Da ich gestern dann irgendwann die Nase voll hatte, habe ich die vlc.1.17 emerged... und siehe da...  plötzlich geht auch in der Version 1.1.7 OHNE Download der LiveStream im Firefox Fenster  von " ftp://hostname/film.avi "

Also liegt es auf der Hand das die Funktion grundsätzlich in der 1.1.7 vorhanden ist.... fehlt, oder uns man diese Funktion nicht geben will..... Wir gehen der Sache mal auf den Grund.....

----------

## Josef.95

Hi

Wenn du wirklich noch diese alten (toten) VLC Versionen testen möchtest, dann würde ich sie dennoch via ebuild installieren (das ist unter gentoo so üblich  :Wink:   )

Für VLC findest du sie hier

----------

## Schnulli

 *Josef.95 wrote:*   

> Hi
> 
> Wenn du wirklich noch diese alten (toten) VLC Versionen testen möchtest, dann würde ich sie dennoch via ebuild installieren (das ist unter gentoo so üblich   )
> 
> Für VLC findest du sie hier

 

Hi Josef,

naja, um´s Testen einer alten-toten Version geht es weniger, nur um die "eine Fuktion" die in den aktuellen Ver´s nicht geboten wird... Zumindest nicht ohne Trick.... Wir nutzen natürlich lieber neue Versionen als alte die wir nur mit Problemen und Tricks zum laufen bekommen und dann riskieren das es im restlichen System Probleme gibt....

Aber wie man sieht kann es auch mit der Funktion gehen.

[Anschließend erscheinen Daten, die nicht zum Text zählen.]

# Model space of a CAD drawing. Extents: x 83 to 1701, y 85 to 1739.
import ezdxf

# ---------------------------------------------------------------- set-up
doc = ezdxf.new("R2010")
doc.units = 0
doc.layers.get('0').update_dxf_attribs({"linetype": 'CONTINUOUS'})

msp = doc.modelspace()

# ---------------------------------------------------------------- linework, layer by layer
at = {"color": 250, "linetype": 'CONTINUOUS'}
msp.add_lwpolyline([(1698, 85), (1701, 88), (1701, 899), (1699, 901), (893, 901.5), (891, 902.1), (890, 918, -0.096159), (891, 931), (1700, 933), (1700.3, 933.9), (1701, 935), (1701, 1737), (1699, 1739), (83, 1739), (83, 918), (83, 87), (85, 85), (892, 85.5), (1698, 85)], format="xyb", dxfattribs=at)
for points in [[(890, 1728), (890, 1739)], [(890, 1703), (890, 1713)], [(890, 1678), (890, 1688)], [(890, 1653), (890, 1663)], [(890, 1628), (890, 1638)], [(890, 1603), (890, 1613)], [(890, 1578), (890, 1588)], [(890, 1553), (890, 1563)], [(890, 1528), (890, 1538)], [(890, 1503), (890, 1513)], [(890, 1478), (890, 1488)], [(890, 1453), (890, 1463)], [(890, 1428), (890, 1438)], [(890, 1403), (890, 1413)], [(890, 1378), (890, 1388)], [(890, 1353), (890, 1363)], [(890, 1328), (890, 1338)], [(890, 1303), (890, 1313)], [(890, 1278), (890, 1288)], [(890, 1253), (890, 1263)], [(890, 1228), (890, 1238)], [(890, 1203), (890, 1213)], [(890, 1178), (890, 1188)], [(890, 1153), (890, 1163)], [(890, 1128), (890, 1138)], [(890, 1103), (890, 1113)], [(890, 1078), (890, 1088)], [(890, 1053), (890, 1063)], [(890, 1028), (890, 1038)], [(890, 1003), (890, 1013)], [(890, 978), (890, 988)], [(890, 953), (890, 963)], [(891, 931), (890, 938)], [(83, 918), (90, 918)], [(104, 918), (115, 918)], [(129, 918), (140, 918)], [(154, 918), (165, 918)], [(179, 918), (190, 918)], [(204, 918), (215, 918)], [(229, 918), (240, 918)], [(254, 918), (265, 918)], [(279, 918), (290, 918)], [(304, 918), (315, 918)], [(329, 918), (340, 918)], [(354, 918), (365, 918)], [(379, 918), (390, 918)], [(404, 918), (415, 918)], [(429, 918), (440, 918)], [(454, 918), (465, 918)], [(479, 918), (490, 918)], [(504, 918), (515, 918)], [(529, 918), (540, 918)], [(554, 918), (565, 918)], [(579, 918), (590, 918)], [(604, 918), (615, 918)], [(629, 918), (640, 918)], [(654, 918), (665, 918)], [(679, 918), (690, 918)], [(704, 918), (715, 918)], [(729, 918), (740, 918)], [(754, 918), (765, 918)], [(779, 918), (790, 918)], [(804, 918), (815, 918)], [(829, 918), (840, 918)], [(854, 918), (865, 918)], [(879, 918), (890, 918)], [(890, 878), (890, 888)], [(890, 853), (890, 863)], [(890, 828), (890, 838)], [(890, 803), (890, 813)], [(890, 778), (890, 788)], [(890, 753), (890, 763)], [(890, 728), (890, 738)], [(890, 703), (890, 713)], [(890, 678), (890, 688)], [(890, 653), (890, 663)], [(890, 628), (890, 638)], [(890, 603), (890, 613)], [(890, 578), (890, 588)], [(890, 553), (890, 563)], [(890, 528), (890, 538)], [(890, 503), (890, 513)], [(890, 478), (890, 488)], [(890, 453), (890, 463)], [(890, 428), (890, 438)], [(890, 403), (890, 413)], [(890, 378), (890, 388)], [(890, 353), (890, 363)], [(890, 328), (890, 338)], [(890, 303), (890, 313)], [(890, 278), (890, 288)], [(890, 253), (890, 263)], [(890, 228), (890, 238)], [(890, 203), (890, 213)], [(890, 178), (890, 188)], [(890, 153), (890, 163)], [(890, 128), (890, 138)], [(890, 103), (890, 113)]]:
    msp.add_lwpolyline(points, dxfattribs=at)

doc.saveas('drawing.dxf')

Es mag auch daran liegen das da wo wir bisher zu Hause waren eben solche Sachen gerne geblockt wurden... bei Gentoo sieht das ja glücklicherweise anders aus.

Wir schauen uns die VLC-1.1.7 genauer an weshalb das "im Standard" nicht vorhanden ist.....

Wir werden sehen.....

----------